[[ DATASET RECORDS, beginning ]]

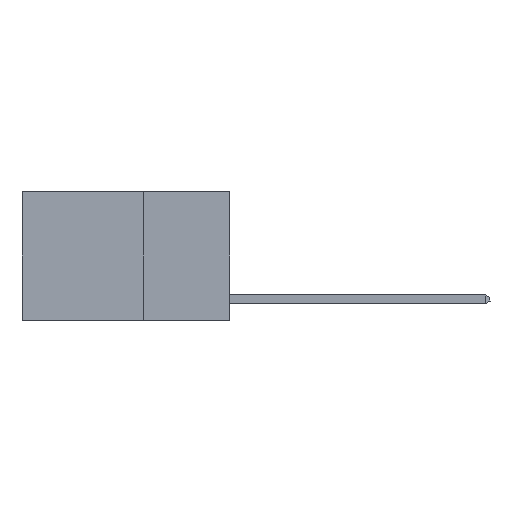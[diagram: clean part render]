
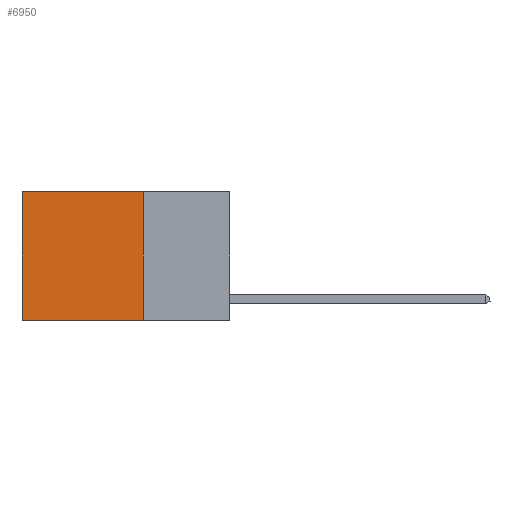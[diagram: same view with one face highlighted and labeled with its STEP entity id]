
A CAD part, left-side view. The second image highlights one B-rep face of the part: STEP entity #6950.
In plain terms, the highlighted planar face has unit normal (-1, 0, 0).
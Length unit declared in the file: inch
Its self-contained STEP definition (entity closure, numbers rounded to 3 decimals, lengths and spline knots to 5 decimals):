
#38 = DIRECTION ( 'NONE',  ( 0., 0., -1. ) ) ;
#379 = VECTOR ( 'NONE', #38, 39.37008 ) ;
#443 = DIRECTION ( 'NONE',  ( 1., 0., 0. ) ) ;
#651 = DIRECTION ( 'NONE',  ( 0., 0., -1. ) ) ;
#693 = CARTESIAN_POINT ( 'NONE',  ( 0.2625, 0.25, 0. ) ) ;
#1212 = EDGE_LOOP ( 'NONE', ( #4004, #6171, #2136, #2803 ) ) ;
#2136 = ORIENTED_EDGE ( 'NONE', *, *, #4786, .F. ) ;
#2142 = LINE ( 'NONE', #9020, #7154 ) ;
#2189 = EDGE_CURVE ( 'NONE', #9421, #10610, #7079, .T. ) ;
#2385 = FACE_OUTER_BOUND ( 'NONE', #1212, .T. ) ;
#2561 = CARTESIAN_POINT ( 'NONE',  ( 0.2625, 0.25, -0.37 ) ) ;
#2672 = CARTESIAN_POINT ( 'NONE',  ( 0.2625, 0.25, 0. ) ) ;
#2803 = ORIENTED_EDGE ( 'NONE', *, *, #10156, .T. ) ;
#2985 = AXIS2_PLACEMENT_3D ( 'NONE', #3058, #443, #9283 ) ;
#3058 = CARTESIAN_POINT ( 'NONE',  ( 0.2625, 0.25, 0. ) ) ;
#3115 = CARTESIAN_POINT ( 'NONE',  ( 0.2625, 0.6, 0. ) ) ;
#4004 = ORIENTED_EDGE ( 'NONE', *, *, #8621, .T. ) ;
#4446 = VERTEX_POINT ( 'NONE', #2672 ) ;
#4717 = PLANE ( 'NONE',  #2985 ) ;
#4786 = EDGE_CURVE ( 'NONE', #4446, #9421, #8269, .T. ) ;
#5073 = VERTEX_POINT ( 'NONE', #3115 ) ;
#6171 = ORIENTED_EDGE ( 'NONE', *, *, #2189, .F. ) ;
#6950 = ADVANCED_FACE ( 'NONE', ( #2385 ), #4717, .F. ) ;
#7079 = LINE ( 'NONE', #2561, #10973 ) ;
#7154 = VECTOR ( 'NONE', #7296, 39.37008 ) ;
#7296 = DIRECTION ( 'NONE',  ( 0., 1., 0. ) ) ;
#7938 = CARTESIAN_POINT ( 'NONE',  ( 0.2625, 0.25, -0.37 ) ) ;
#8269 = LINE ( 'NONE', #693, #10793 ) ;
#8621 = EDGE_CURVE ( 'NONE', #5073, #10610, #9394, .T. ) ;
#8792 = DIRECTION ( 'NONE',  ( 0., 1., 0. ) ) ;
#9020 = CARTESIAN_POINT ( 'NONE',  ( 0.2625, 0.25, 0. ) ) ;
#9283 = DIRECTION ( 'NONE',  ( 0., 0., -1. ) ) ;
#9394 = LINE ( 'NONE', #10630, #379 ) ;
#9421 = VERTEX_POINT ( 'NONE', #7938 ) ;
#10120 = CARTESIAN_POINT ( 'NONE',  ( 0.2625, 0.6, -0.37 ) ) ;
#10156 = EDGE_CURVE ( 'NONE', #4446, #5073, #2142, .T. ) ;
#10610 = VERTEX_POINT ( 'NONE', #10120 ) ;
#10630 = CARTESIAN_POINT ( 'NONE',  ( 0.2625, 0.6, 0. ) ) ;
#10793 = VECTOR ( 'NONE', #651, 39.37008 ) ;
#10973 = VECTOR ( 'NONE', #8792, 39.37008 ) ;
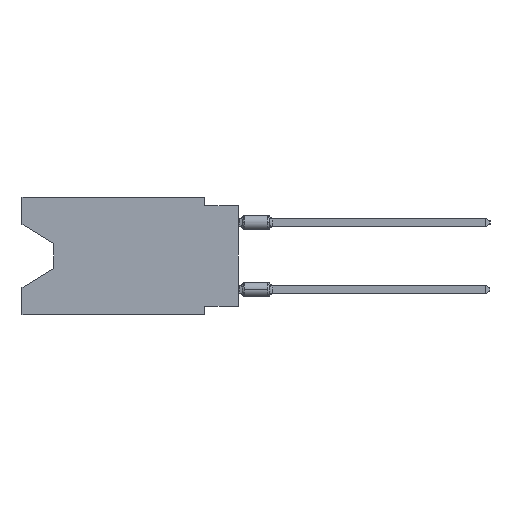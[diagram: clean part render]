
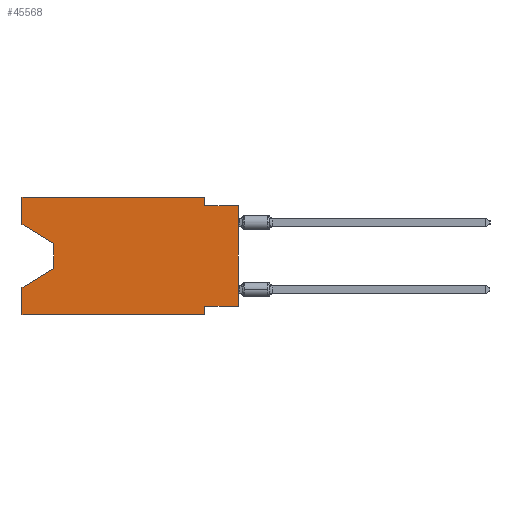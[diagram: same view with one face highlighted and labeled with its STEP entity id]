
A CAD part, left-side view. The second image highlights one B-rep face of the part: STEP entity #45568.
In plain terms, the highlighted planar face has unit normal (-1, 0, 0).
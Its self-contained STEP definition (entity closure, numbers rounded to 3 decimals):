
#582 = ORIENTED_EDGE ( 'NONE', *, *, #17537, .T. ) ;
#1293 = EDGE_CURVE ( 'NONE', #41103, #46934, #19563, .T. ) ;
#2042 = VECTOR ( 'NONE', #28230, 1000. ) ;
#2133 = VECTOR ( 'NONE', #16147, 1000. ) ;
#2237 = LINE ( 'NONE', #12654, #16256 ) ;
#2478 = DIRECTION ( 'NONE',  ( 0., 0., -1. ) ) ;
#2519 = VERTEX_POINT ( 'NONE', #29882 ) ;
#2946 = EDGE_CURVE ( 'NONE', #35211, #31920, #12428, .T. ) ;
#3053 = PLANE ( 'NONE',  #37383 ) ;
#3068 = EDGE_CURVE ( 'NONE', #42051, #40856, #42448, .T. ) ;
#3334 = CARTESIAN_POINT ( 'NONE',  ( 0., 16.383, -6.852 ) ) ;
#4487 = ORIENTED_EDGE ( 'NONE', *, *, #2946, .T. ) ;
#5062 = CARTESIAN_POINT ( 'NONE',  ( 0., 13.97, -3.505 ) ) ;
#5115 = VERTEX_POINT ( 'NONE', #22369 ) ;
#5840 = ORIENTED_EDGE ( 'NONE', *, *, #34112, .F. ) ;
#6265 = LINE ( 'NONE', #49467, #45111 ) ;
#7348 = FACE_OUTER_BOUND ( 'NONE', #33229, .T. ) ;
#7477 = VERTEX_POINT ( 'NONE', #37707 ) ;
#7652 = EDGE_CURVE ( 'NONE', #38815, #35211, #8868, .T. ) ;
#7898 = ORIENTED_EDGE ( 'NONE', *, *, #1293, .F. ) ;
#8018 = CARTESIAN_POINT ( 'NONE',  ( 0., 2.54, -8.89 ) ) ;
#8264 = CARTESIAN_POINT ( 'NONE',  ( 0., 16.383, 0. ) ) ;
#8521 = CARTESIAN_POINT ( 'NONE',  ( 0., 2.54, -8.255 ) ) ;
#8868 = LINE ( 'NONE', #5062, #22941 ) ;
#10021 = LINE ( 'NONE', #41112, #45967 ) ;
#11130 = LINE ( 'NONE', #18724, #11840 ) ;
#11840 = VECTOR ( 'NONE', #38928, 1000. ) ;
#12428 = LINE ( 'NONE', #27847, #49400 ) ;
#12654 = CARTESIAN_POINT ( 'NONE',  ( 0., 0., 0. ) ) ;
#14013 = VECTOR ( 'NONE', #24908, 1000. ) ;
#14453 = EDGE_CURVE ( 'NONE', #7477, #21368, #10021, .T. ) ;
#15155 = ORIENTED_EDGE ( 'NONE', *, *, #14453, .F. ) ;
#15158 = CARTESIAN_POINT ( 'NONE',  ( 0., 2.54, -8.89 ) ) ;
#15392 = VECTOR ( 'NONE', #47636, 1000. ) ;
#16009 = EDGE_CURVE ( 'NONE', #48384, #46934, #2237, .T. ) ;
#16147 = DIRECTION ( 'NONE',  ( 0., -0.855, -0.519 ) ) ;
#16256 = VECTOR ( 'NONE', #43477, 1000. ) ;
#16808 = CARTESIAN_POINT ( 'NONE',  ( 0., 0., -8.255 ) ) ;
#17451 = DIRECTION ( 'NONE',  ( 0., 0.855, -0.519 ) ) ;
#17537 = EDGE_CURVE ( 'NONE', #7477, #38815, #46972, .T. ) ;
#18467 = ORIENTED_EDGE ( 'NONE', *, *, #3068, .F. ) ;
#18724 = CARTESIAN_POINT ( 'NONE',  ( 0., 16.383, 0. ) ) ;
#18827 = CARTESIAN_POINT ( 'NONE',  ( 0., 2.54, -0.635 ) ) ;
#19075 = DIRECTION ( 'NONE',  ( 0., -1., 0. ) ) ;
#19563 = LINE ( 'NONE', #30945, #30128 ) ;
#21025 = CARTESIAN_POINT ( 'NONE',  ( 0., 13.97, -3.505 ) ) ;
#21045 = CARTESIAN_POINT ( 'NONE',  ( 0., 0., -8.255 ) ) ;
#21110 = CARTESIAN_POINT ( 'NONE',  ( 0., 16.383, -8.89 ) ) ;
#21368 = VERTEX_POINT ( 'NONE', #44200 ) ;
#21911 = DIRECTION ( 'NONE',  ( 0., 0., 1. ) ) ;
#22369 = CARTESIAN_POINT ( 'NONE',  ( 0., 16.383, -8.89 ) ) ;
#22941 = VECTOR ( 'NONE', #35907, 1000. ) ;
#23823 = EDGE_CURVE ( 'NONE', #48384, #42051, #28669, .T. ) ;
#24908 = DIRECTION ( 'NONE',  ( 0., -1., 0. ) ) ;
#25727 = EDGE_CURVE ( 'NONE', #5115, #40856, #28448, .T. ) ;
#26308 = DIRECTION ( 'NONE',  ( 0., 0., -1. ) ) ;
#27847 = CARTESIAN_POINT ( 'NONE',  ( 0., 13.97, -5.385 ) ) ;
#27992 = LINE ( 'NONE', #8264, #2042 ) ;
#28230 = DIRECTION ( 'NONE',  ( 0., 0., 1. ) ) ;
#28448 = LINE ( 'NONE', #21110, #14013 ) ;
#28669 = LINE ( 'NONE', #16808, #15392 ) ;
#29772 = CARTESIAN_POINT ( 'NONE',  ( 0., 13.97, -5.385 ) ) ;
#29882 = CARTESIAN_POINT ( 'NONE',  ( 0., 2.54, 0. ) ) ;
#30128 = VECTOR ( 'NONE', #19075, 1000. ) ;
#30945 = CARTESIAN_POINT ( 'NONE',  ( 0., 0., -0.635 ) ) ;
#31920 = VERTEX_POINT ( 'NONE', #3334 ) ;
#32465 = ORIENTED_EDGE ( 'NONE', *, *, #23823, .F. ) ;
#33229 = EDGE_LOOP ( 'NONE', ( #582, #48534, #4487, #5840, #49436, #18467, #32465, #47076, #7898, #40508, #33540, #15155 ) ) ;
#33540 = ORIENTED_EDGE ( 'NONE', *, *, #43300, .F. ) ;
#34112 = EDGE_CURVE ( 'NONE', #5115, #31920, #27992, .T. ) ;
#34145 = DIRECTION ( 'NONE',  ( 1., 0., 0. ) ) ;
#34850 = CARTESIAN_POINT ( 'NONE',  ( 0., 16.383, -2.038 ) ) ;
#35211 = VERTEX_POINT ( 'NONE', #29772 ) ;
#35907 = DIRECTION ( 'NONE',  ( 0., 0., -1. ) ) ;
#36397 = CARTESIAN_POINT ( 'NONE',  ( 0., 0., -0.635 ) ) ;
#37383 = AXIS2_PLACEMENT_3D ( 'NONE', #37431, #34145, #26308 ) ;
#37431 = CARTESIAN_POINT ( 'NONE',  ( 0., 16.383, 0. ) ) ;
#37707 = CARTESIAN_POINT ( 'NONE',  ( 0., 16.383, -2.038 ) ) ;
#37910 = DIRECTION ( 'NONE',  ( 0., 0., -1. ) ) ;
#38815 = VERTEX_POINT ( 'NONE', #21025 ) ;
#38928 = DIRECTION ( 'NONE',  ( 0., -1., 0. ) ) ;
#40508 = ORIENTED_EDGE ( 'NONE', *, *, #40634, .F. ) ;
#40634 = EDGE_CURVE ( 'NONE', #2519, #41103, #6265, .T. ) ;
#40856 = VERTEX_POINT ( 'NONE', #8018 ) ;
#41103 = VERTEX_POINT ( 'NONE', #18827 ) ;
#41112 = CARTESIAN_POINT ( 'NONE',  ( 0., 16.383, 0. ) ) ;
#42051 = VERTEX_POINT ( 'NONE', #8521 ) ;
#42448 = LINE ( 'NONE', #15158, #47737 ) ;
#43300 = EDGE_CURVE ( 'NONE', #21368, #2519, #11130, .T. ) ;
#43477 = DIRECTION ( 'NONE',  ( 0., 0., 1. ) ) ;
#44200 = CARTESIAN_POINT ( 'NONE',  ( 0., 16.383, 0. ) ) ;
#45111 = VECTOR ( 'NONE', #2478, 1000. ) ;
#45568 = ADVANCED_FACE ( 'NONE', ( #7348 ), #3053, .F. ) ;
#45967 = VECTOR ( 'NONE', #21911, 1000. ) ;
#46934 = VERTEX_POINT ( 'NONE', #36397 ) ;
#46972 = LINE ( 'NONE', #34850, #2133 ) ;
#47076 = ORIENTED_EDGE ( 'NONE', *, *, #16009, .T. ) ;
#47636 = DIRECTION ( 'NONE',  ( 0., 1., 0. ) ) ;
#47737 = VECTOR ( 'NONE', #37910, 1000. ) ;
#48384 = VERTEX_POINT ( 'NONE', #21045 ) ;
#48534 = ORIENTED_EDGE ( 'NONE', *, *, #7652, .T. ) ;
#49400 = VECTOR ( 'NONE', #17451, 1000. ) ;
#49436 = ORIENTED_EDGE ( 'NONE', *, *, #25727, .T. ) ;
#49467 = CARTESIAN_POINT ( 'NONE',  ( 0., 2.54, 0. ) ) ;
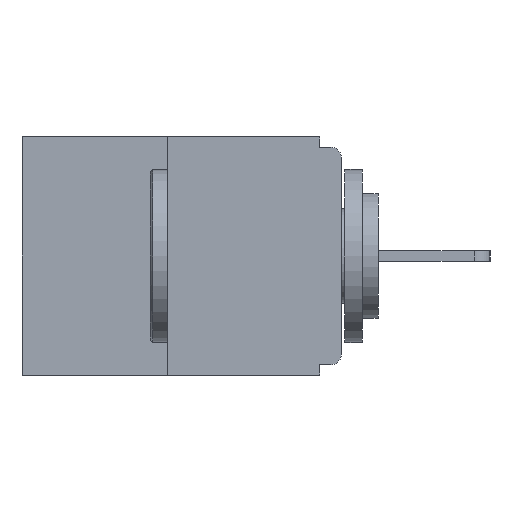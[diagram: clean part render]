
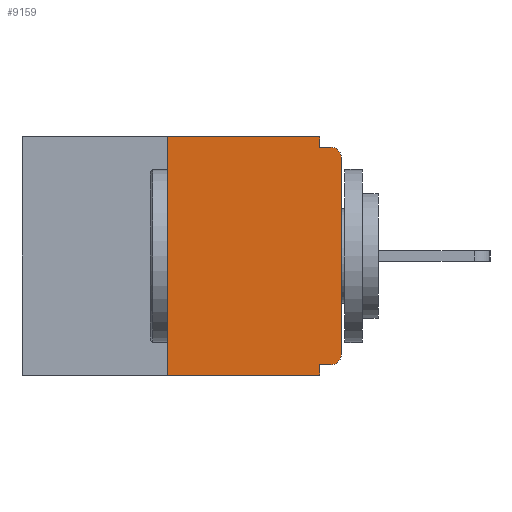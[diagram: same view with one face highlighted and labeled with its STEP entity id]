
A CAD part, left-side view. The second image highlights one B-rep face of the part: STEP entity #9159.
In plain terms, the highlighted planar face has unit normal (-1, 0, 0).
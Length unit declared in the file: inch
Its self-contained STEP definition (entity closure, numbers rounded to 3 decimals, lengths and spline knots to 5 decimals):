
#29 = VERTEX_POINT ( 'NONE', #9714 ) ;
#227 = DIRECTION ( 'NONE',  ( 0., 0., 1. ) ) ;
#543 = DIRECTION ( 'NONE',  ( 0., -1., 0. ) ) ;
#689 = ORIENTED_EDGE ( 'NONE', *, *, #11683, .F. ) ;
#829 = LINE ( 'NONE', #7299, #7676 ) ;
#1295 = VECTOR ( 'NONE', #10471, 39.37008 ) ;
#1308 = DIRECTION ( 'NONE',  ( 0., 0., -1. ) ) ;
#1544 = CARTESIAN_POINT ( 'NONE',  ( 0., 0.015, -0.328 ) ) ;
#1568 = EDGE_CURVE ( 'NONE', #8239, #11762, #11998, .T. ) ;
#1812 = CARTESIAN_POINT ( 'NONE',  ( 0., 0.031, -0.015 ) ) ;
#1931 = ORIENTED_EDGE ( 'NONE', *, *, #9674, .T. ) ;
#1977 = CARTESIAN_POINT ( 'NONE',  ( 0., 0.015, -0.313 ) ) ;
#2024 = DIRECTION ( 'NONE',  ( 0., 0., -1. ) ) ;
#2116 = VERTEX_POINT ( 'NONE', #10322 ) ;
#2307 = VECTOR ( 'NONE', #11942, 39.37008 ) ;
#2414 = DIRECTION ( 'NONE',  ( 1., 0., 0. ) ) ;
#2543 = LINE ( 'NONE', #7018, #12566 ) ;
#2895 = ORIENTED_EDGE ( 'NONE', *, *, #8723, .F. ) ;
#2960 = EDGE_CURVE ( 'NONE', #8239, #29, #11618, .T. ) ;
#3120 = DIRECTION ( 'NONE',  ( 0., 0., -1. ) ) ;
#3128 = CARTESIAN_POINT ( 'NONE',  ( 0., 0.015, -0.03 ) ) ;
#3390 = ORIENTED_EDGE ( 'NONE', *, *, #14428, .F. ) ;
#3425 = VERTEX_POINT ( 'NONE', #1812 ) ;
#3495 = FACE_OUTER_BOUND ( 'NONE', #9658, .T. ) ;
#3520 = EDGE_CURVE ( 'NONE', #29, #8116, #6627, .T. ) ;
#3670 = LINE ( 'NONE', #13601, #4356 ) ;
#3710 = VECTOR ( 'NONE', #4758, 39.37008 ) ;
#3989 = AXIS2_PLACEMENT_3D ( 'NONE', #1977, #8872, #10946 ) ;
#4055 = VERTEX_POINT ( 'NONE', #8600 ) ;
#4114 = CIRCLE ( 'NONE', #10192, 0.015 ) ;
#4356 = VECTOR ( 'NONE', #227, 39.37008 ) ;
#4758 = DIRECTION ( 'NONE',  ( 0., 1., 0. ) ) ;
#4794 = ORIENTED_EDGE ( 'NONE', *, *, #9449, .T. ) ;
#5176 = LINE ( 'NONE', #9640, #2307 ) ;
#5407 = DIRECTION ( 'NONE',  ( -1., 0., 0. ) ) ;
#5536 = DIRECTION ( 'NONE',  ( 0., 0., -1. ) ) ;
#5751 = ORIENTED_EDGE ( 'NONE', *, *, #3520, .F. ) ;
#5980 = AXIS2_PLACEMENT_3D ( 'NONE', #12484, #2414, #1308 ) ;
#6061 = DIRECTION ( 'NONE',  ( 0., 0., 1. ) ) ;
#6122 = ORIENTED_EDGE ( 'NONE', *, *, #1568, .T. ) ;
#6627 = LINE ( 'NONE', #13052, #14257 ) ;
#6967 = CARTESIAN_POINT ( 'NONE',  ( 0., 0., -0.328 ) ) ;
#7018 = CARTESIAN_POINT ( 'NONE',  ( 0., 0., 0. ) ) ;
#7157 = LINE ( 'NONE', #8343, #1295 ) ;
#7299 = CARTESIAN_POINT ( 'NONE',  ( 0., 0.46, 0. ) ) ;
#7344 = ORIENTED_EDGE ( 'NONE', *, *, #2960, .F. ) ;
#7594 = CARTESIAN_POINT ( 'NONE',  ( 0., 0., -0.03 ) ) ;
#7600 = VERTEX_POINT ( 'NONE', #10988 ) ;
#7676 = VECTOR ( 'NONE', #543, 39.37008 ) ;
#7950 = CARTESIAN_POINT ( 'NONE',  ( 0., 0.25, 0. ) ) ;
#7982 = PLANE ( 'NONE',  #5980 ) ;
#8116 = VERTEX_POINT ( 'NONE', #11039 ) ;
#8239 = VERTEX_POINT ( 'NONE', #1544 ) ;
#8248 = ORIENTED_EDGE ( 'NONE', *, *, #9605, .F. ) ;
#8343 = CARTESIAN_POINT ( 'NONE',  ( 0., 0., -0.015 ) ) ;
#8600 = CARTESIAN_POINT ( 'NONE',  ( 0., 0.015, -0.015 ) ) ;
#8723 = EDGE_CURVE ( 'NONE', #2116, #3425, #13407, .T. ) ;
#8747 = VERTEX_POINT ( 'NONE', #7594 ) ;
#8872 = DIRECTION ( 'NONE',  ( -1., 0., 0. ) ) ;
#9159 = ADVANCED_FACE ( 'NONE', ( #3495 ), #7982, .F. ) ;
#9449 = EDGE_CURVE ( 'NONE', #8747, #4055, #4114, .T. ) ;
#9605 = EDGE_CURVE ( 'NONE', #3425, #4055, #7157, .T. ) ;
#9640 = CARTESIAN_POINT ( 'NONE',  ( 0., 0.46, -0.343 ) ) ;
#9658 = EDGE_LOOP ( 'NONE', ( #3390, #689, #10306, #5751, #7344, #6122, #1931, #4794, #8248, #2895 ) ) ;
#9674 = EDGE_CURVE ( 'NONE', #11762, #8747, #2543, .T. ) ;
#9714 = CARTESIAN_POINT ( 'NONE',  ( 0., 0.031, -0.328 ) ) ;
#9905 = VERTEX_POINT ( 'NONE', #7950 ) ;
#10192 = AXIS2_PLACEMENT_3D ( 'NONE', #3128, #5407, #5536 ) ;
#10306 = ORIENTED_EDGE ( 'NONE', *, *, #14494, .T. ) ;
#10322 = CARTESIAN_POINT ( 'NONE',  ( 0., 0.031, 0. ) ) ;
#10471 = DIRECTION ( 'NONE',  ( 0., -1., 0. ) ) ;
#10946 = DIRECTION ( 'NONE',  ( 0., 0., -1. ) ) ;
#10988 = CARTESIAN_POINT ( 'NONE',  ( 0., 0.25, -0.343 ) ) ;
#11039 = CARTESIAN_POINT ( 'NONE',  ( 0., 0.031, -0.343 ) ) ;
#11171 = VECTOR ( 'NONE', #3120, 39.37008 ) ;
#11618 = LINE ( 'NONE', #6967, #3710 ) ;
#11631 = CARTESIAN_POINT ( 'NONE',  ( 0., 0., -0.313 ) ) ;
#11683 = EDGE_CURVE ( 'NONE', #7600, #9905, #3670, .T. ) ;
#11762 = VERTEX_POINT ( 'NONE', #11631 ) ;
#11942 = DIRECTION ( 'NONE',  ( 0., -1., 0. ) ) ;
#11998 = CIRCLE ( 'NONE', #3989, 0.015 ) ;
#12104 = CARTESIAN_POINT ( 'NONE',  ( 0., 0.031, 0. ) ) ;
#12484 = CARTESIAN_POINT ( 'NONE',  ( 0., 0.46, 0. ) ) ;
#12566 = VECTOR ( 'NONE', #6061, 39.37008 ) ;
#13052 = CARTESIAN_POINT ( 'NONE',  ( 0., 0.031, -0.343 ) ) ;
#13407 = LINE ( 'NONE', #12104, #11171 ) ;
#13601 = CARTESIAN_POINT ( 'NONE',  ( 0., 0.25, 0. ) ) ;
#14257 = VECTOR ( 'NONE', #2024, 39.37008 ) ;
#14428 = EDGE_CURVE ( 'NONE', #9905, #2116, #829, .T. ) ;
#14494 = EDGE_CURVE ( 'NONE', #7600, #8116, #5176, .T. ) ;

[[ DATASET RECORDS, end ]]

Output, from the data above, the lines from the line with "#22369 = CARTESIAN_POINT" to the line with "#28669 = LINE ( 'NONE', #16808, #15392 ) ;" exactly as they stand, both ends included and nothing else.

● EXPECTED OUTPUT
#22369 = CARTESIAN_POINT ( 'NONE',  ( 0., 16.383, -8.89 ) ) ;
#22941 = VECTOR ( 'NONE', #35907, 1000. ) ;
#23823 = EDGE_CURVE ( 'NONE', #48384, #42051, #28669, .T. ) ;
#24908 = DIRECTION ( 'NONE',  ( 0., -1., 0. ) ) ;
#25727 = EDGE_CURVE ( 'NONE', #5115, #40856, #28448, .T. ) ;
#26308 = DIRECTION ( 'NONE',  ( 0., 0., -1. ) ) ;
#27847 = CARTESIAN_POINT ( 'NONE',  ( 0., 13.97, -5.385 ) ) ;
#27992 = LINE ( 'NONE', #8264, #2042 ) ;
#28230 = DIRECTION ( 'NONE',  ( 0., 0., 1. ) ) ;
#28448 = LINE ( 'NONE', #21110, #14013 ) ;
#28669 = LINE ( 'NONE', #16808, #15392 ) ;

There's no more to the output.